(Collected data entries)
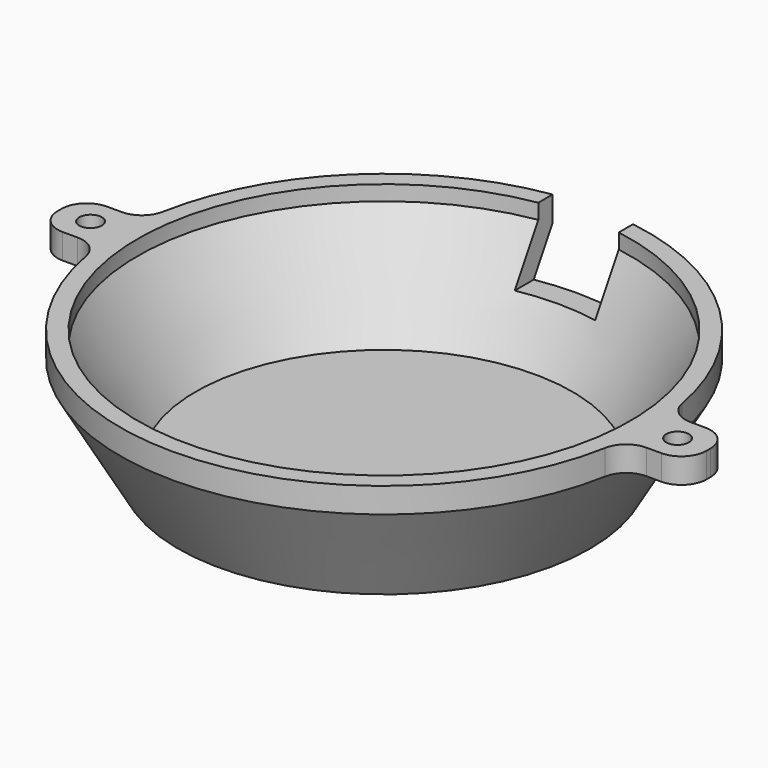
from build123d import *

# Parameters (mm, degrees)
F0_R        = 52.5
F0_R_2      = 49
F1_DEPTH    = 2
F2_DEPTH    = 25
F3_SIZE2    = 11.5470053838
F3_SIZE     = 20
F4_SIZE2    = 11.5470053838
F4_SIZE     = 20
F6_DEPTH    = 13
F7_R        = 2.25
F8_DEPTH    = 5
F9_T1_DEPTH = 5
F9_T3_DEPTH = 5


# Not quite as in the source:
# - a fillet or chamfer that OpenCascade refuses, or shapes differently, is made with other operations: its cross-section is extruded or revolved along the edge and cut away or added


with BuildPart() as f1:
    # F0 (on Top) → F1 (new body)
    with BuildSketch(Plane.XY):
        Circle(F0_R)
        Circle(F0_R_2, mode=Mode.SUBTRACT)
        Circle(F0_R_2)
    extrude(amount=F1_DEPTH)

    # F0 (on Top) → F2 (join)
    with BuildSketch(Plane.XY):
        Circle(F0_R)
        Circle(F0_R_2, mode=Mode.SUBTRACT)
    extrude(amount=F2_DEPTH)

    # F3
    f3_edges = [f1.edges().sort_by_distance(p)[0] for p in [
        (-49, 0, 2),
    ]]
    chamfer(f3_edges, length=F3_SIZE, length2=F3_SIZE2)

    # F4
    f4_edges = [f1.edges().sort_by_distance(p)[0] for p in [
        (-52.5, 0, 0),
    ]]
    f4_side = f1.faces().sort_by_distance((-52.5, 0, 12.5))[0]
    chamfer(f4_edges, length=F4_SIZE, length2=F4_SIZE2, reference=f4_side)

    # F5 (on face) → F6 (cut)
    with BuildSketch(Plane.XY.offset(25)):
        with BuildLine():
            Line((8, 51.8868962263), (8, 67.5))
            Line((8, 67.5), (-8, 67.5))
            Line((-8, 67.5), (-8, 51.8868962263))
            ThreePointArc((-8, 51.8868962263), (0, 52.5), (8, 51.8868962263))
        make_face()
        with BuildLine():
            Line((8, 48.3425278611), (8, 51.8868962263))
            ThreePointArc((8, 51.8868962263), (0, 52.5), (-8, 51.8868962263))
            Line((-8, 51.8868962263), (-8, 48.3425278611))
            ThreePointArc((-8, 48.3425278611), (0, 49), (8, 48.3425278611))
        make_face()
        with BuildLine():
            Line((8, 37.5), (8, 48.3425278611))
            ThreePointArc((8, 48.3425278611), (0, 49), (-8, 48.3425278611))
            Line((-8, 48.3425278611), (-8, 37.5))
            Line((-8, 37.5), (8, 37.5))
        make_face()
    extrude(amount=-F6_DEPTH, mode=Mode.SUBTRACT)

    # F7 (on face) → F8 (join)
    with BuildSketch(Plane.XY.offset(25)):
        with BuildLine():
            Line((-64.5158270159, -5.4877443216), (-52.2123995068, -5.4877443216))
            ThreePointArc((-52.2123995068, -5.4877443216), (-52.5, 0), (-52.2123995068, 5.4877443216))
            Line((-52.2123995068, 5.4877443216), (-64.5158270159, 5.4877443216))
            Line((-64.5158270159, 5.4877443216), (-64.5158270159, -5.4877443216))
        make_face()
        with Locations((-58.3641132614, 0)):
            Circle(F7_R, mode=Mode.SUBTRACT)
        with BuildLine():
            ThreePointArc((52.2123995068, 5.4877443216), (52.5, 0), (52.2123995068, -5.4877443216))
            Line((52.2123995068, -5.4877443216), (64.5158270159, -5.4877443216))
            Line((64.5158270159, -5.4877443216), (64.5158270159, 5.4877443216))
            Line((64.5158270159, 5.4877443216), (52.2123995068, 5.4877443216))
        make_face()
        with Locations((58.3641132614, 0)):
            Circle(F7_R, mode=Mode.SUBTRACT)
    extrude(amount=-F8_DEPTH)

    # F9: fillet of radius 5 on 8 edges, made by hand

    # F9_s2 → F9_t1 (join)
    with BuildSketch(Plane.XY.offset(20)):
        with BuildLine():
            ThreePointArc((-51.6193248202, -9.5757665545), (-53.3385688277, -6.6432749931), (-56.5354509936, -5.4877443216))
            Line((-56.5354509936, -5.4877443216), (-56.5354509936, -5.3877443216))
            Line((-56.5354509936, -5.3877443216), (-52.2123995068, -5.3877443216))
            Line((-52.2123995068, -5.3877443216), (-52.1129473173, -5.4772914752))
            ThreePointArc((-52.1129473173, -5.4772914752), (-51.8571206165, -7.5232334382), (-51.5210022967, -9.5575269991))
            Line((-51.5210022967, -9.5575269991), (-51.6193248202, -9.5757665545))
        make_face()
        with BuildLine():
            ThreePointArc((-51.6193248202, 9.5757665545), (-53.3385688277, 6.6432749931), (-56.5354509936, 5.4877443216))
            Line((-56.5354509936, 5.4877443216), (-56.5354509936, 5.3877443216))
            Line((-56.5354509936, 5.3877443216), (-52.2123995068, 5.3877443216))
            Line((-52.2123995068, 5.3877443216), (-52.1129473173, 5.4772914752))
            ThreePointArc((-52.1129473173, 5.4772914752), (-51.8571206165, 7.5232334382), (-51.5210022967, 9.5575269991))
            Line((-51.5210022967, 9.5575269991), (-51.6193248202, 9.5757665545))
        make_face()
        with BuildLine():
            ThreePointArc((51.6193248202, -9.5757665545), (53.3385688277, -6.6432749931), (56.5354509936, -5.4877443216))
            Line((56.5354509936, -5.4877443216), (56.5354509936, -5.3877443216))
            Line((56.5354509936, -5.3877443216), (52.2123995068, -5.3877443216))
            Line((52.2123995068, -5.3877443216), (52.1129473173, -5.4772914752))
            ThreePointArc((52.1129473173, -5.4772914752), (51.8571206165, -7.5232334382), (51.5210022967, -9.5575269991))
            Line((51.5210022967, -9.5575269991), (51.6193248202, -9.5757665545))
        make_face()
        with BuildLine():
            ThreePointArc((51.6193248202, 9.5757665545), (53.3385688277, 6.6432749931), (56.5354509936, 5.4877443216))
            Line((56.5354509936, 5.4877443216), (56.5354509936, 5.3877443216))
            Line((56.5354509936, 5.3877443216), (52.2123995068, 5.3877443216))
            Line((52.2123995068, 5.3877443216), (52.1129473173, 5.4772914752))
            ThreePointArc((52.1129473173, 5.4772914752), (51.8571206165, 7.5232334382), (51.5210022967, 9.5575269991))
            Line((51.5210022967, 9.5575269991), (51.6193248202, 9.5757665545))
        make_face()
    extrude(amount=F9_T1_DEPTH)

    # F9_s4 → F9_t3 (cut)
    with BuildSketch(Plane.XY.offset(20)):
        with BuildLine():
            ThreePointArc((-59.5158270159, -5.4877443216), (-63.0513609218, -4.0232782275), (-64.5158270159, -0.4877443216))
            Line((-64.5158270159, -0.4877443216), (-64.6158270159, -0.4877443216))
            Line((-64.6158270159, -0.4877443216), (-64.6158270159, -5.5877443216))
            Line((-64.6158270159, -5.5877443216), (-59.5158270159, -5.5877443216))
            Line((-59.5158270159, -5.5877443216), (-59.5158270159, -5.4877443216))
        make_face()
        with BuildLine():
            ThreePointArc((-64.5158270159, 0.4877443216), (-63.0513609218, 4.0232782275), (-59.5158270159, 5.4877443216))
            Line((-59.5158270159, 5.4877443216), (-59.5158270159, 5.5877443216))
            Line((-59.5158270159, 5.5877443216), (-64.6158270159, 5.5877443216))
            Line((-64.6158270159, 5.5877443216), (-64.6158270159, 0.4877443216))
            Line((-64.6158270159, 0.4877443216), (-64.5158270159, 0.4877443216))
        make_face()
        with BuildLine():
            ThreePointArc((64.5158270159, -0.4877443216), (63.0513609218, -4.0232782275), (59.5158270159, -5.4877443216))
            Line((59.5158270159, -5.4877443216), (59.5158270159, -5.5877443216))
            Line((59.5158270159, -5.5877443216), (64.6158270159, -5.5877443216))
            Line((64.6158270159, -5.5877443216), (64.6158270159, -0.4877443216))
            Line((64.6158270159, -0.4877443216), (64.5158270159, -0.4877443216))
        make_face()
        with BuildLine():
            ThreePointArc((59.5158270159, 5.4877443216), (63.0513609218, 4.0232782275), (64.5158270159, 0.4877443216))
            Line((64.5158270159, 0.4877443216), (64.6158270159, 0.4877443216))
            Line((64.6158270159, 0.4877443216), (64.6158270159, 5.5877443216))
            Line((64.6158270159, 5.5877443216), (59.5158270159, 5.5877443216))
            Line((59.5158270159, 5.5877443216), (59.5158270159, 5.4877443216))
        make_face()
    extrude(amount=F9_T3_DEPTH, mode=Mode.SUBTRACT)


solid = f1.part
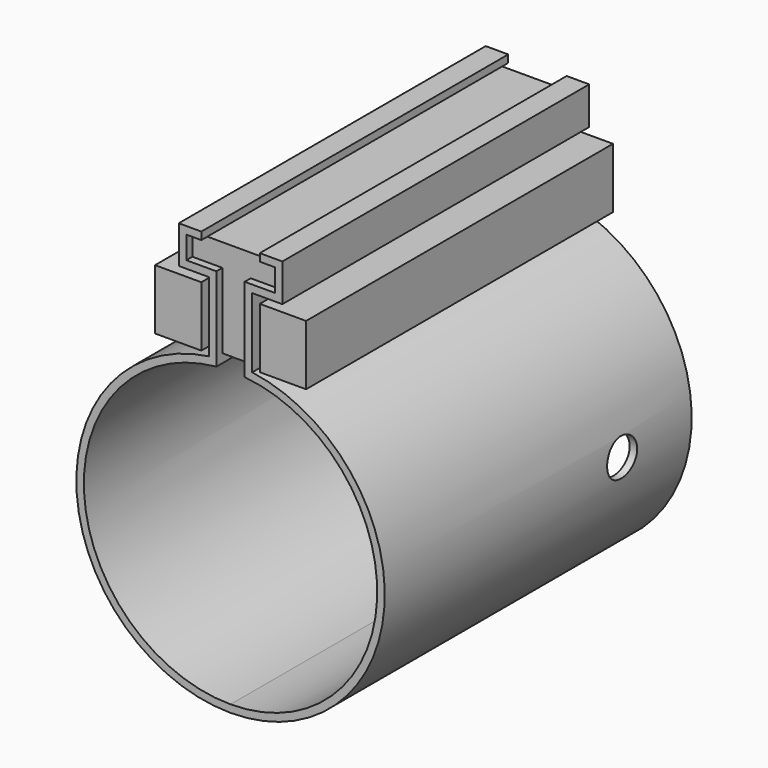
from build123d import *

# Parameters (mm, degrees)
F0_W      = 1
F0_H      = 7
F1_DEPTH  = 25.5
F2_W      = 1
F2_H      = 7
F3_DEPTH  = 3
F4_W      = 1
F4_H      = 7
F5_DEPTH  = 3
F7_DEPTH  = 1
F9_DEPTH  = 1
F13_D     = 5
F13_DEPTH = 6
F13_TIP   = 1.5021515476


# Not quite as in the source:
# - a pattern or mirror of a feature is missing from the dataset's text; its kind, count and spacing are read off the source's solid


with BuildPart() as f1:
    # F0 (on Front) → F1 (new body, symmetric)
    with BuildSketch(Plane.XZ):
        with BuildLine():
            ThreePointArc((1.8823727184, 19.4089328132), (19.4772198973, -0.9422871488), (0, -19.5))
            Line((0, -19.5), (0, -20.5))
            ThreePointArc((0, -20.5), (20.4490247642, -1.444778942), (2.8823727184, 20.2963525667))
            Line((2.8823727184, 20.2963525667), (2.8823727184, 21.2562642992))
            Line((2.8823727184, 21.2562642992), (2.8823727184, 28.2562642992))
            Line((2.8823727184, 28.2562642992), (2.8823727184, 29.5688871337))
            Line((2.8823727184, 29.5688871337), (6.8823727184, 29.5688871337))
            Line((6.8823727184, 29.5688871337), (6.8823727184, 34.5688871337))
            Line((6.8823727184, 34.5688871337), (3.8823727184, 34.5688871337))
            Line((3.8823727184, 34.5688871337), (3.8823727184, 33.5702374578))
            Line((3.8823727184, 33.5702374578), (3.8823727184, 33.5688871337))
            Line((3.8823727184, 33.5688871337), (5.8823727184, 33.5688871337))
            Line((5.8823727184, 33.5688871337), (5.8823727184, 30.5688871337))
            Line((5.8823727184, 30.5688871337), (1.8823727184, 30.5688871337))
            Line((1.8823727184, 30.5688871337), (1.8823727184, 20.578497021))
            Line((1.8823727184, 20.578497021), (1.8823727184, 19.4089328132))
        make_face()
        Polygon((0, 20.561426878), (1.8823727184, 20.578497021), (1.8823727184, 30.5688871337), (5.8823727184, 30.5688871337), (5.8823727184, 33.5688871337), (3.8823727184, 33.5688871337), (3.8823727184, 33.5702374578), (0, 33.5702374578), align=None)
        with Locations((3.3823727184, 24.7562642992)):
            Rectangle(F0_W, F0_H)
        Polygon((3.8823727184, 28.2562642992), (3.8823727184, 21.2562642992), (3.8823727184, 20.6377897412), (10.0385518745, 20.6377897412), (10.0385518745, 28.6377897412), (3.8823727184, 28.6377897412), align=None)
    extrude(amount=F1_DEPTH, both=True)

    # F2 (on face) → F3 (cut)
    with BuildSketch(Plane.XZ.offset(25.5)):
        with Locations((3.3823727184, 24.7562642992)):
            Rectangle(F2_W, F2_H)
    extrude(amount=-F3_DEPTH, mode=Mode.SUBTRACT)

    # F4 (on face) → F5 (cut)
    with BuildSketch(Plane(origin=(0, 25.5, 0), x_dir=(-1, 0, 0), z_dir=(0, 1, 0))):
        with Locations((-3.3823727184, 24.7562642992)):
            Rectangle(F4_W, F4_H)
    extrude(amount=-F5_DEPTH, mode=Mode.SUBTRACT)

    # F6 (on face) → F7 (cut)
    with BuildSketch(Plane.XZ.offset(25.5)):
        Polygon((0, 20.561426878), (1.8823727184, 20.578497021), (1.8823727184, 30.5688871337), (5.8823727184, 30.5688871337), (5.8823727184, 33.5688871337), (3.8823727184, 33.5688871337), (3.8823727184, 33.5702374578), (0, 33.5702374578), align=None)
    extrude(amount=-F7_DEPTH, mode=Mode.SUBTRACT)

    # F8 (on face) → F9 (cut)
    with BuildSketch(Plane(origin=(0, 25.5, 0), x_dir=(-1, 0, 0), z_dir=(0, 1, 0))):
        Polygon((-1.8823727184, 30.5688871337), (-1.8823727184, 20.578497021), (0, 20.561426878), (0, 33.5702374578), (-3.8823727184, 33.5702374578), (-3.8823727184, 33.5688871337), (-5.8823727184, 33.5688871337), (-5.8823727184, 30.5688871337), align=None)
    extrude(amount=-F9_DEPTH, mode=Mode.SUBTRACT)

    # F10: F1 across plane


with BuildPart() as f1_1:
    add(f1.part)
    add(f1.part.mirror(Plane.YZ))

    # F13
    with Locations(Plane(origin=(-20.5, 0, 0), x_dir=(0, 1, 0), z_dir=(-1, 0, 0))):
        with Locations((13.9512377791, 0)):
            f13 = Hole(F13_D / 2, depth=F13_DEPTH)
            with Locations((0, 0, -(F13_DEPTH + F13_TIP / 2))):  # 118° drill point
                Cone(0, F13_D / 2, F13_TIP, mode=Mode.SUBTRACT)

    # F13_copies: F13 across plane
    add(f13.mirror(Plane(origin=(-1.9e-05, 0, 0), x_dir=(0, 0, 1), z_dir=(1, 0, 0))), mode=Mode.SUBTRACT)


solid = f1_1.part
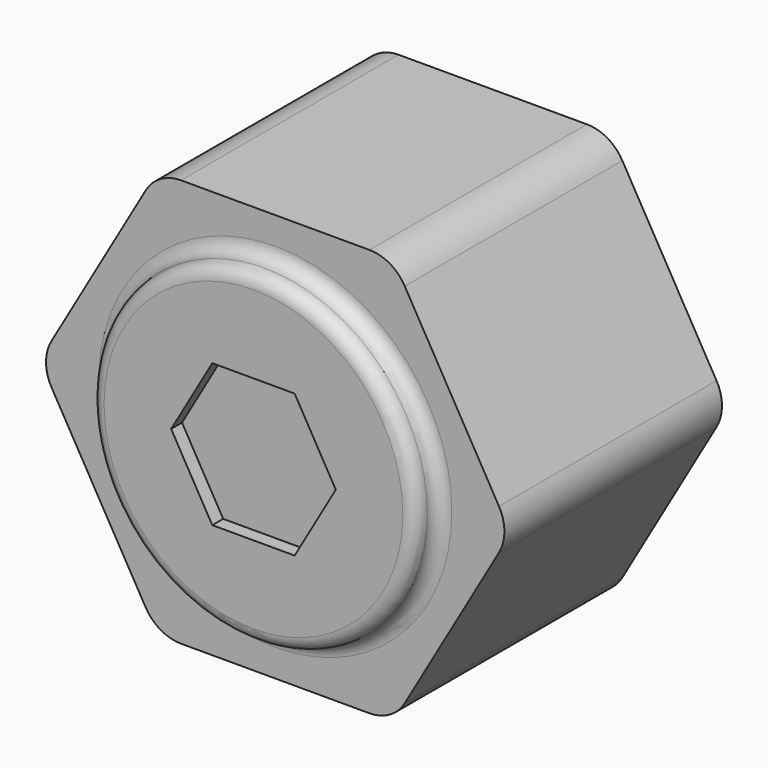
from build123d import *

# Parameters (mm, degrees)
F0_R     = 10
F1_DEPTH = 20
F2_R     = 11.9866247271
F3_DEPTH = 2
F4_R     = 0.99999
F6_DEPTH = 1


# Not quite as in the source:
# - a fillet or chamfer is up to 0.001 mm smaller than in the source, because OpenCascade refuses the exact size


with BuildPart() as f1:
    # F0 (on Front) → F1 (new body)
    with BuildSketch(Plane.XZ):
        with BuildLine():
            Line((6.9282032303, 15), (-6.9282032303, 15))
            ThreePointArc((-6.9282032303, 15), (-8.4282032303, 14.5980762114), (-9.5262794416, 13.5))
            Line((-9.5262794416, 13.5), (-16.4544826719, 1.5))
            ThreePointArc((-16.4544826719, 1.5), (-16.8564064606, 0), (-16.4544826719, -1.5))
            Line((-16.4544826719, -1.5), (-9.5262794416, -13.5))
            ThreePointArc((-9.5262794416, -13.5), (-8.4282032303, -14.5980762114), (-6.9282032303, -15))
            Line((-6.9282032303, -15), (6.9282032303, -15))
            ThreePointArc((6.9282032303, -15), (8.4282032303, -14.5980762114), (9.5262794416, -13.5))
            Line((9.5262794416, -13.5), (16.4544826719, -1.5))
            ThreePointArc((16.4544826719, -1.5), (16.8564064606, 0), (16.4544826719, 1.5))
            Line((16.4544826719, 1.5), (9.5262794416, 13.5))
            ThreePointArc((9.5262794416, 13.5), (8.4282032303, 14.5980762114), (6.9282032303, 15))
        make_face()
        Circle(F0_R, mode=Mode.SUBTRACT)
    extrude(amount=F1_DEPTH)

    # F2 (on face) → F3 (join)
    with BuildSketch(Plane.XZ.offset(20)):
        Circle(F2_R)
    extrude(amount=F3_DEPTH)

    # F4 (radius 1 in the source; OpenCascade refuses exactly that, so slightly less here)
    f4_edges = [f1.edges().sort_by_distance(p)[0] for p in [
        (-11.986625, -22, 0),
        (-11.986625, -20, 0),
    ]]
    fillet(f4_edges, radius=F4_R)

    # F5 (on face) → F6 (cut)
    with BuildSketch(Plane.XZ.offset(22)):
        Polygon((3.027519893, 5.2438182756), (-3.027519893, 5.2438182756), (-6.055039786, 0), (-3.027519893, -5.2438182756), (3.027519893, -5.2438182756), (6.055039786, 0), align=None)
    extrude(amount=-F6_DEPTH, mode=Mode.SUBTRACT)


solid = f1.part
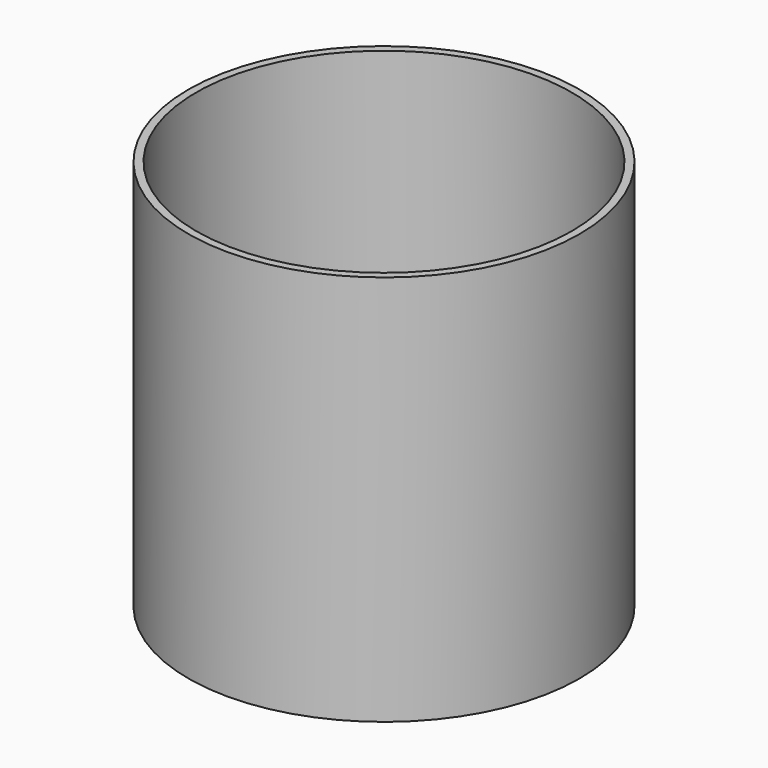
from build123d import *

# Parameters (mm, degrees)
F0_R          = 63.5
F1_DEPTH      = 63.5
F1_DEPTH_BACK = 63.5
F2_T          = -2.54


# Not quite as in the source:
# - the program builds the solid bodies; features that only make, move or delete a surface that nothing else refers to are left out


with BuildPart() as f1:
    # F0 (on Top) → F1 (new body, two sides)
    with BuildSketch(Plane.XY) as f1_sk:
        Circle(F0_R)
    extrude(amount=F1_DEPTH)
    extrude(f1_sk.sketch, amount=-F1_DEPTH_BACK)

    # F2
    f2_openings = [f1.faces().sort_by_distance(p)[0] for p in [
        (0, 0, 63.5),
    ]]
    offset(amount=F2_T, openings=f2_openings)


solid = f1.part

-- Exercise instructions --
Only those lines of the entries above that run from the line containing "29.5688871337), (6.8823727184, 29.5688871337))" to the line containing "34.5688871337), (3.8823727184, 33.5702374578))", both included, should be transcribed exactly.

-- Result --
            Line((2.8823727184, 29.5688871337), (6.8823727184, 29.5688871337))
            Line((6.8823727184, 29.5688871337), (6.8823727184, 34.5688871337))
            Line((6.8823727184, 34.5688871337), (3.8823727184, 34.5688871337))
            Line((3.8823727184, 34.5688871337), (3.8823727184, 33.5702374578))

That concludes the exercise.